Laufwoche und letzte Urlaubswoche mit 71 km abgeschlossen

Distanz: 10.10 km
Zeit: 00:58:36
Anstieg: 106 m
Ø Pace: 5:48 min/km
Ø Geschwindigkeit: 10.3 km/h
Ø Herzfrequenz: 149 bpm
Ø Schrittfrequenz: 153 spm
Temperatur: 13.9 °C
Kalorien: 823 kcal

2026: 1963 km
September: 62 km
KW 36: 71 km

Ich hatte Lust auf eine Trail-Stecke und diese war teils noch richtig feucht, der Morgentau hing in den Wiesen und überhaupt fühlt sich das schon alles sehr herbstlich an. Da denke ich doch wehmütig an unseren Sommerurlaub zurück. Seufz. Bevor der gemütliche Teil des letzten Urlaubstages starten kann, gilt es noch ein paar Pflichtdinge zu erledigen. Und dann beginnt für mich wieder der Alltag. 😭

Im ersten Ohr: Nerdtalk 683 – Winke Winke Schöne Pinke
Im zweiten Ohr: blink-182

A Star Is Born (2018)

Während unseres Urlaubs haben wir regelmäßig das Musikspiel Hitster gespielt und der Song „Shallow“ kam zur großen Begeisterung des Zappelinchens an die Reihe. Sie liebt dieses Lied und da wir „A Star Is Born“ noch nicht gesehen hatten, habe ich noch im Urlaub kurzerhand die Blu-ray bestellt. Da der Zwergofant heute bei seiner Patin übernachtet, war dies eine gute Gelegenheit, den Film einzulegen… 🎸🎹

A Star is Born (2018) | © Warner Bros (Plaion Pictures)

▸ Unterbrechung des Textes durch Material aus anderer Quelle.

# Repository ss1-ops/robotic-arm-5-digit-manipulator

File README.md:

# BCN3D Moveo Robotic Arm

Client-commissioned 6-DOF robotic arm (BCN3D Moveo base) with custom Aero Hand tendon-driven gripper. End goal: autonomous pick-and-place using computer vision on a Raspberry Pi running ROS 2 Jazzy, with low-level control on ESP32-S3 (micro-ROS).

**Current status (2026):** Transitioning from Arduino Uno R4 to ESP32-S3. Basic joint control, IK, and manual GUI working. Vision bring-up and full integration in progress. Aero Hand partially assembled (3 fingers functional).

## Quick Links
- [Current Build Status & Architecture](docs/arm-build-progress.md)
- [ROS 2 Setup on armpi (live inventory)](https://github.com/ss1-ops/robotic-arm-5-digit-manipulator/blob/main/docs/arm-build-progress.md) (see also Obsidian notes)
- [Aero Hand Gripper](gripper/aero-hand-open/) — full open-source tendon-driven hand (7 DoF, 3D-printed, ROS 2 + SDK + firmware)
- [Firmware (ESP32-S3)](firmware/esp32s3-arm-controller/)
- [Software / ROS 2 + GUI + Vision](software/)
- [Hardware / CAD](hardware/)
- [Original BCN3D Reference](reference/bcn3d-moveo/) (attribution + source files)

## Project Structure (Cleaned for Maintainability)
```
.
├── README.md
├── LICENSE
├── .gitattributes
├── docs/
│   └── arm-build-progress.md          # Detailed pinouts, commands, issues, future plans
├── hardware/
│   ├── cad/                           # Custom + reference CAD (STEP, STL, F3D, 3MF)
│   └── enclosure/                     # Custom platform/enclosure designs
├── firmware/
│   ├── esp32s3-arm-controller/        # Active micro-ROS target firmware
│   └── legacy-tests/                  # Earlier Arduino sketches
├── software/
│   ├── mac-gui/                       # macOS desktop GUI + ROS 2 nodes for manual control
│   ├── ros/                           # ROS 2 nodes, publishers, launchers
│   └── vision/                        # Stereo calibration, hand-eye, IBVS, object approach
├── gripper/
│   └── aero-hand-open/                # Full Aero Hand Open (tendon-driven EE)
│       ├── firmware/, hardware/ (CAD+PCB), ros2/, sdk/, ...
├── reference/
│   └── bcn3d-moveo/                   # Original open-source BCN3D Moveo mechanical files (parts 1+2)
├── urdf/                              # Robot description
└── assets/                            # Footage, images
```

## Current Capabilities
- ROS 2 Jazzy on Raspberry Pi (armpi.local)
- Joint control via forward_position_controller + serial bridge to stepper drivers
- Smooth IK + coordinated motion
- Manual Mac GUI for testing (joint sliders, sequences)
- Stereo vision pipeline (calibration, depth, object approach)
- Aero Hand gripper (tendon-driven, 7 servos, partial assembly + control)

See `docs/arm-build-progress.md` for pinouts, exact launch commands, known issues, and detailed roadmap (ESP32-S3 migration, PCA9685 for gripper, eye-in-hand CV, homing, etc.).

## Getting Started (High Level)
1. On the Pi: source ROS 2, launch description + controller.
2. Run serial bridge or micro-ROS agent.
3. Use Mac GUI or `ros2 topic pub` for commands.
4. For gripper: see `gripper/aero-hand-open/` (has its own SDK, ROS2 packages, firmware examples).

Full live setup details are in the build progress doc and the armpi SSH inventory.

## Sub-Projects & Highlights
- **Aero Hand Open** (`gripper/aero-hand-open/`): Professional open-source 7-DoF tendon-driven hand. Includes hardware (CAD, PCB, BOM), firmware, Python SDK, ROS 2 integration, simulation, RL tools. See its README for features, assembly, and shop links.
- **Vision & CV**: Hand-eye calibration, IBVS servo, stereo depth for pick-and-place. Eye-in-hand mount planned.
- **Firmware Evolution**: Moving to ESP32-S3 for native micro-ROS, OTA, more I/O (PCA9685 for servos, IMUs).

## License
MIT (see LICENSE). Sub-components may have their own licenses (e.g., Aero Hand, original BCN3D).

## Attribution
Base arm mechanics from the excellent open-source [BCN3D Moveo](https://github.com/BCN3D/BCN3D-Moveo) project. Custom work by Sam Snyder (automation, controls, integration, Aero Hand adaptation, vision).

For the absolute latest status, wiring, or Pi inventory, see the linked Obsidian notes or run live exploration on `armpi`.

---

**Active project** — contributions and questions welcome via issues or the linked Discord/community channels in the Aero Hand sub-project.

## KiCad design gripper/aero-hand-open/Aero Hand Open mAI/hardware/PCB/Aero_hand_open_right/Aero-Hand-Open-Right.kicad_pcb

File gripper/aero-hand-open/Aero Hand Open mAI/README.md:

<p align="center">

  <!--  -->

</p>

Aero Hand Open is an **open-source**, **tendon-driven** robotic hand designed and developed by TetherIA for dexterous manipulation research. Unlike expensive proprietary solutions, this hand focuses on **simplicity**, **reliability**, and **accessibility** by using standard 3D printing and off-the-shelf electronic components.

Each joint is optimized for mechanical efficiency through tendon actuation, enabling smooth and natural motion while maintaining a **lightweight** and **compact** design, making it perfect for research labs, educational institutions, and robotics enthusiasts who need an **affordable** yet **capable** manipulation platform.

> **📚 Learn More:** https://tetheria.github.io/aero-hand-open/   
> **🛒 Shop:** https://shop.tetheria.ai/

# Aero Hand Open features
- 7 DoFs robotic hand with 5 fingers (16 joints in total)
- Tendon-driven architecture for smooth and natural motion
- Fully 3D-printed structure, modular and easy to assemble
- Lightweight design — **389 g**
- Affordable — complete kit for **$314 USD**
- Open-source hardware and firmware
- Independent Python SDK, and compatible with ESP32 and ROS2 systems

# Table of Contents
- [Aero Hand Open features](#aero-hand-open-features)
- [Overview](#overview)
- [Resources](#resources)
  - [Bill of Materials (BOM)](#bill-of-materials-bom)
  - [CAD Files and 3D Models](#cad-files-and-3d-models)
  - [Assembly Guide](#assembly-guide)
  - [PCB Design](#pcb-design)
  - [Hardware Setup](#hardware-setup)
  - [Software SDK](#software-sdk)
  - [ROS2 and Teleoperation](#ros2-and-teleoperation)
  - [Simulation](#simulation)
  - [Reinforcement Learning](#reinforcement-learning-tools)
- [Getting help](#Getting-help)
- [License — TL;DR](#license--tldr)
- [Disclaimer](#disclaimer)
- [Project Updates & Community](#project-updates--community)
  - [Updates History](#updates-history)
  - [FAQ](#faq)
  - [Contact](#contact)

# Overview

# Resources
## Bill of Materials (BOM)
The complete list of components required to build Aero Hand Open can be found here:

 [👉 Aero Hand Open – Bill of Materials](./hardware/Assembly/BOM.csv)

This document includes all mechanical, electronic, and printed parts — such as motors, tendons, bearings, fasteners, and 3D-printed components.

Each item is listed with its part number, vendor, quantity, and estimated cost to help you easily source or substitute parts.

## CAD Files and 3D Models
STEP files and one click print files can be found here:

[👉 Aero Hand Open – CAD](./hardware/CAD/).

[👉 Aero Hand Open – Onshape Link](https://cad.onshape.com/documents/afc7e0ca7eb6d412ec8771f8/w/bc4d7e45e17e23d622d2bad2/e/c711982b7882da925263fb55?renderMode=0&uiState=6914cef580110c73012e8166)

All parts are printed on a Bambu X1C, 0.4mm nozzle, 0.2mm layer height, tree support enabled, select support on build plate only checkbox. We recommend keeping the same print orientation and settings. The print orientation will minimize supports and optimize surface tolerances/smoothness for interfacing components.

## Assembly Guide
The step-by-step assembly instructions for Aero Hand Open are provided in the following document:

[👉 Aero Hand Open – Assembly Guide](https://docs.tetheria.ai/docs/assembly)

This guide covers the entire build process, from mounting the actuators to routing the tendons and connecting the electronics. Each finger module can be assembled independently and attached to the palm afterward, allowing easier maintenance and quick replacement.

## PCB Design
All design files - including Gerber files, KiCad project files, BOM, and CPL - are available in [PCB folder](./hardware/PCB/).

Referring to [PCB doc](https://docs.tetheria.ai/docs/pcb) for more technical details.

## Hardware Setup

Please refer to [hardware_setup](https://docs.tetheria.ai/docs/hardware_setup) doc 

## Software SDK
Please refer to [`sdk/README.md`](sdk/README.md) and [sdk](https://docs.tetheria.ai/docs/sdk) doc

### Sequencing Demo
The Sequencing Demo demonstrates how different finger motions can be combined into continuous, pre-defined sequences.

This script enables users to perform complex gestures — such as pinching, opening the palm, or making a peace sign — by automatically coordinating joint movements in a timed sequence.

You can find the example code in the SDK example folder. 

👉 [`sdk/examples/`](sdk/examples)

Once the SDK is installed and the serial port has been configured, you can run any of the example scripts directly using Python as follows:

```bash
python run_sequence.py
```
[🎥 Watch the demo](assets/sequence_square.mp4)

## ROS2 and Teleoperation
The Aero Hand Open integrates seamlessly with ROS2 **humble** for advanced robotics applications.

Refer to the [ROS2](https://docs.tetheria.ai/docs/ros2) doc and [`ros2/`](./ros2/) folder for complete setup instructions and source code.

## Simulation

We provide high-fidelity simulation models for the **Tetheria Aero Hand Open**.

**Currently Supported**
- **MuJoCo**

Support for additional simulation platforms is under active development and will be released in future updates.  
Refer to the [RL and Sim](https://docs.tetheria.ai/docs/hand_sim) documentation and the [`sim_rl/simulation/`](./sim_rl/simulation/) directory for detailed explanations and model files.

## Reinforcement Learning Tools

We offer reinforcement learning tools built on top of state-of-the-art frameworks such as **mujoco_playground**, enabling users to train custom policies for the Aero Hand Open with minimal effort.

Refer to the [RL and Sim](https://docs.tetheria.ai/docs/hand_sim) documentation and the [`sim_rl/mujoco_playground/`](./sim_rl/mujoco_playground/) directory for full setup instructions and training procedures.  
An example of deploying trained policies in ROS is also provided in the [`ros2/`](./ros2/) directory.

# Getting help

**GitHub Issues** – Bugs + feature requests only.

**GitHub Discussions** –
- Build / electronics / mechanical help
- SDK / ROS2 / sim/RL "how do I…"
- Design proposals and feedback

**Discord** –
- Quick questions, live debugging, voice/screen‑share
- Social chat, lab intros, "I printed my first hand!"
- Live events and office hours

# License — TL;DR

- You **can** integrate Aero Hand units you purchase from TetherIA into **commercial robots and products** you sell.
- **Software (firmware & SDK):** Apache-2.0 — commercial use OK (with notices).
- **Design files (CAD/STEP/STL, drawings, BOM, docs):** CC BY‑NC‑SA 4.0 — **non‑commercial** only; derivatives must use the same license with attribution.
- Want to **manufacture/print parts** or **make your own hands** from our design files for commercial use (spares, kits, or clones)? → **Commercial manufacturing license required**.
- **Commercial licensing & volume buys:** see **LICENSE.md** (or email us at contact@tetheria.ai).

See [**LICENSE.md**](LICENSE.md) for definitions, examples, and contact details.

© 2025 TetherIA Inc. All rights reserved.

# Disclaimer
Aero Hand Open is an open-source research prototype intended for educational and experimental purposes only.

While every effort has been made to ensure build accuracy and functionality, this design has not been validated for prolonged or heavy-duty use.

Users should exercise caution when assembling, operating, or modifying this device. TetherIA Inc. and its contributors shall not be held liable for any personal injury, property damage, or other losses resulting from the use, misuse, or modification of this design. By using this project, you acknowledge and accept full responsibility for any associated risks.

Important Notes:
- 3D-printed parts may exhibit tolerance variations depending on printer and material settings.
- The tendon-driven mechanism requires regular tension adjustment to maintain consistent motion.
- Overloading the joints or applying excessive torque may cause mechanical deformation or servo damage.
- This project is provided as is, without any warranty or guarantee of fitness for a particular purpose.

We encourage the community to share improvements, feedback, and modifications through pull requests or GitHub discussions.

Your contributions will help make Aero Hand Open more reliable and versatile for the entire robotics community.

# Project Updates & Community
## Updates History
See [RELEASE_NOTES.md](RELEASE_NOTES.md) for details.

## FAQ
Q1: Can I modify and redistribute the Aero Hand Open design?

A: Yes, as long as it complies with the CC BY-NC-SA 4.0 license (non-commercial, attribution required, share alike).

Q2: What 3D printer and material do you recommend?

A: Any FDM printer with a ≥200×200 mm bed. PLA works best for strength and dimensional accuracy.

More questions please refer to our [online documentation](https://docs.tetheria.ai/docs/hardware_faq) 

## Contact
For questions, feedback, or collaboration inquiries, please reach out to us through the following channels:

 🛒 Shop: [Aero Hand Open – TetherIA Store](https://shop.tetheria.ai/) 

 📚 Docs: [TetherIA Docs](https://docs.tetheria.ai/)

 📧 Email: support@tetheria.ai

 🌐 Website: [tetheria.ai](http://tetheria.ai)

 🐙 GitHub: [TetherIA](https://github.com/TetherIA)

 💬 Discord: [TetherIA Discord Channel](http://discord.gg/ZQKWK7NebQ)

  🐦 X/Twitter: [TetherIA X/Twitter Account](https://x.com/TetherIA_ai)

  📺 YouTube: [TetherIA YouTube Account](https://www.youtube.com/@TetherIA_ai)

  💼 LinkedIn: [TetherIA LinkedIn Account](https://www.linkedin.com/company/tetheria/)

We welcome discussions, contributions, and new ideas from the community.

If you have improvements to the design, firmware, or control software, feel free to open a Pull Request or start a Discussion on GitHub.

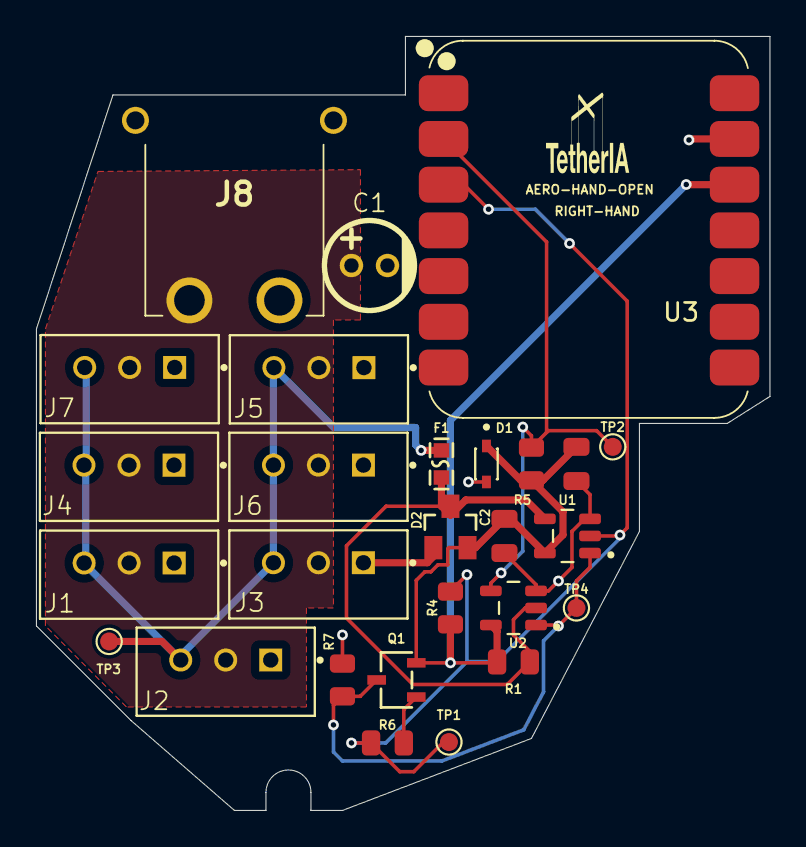
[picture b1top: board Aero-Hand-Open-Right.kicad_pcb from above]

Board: 2 copper layers, 40.7 x 43.0 mm, 27 parts (1 on the bottom side), 9 nets.

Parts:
C1: 100uF; CAP-TH_BD5.0-P2.00-D0.8-FD
C2, C3: 0.1uF; C_0805
D1: BZT52B5V1S; DIO_BZT52B5V1S
D2: BAT54S; bat4s kl4
F1: BSMD0603-010-24V; F0603
J1, J2, J3, J4, J5, J6, J7: 22-03-5035; MOLEX_22-03-5035
J8: XT30PW-M; XT30PWM
Q1: MMBT2907A; transistor-SOT-23-3_L3.0-W1.7-P0.95-LS2.9-BR
R1, R4, R5: 10K; R_0805
R6: 1K; R_0805
R7: 3.3K; R_0805
TP1, TP2, TP3, TP4: TestPoint; TestPoint_Pad_D1.0mm
U1: SN74LVC1G126DBVR
U2: SN74LVC1G125DBVR
U3: XIAO-ESP32-S3-DIP; XIAO-ESP32S3-SMD

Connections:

A Star is Born (2018) | © Warner Bros (Plaion Pictures)

Ein packende Drama mit fantastischer Musik

Ich muss sagen, dass ich die vorhergehenden drei(!) Verfilmungen des gleichen Stoffs  sowie das Original noch nicht gesehen habe. Auch Bradley Coopers Adaption hat es nur aufgrund von „Shallow“ in unser Programm geschafft. Dennoch war ich sehr gespannt darauf und hätte zu Beginn nicht erwartet, wie sehr mich „A Star Is Born“ packen sollte. Zunächst einmal hat Bradley Cooper den Film nicht nur inszeniert und produziert, nein er spielt auch noch die männliche Hauptrolle. Sehr beeindruckend. Ihm zur Seite steht Lady Gaga, die ich bisher nur von ihren Pop-Songs kenne und die hier wirklich eine herausragende Schauspielleistung bietet. Ansonsten hat es mich sehr gefreut, Sam Elliot und Andrew Dice Clay in weiteren Rollen zu sehen. Neben all den fantastischen Schauspieler:innen spielt die Musik die Hauptrolle. Gerade „Shallow“ ist schon wirklich ein großartiger Song, der auch bei mir Gänsehaut auslöst.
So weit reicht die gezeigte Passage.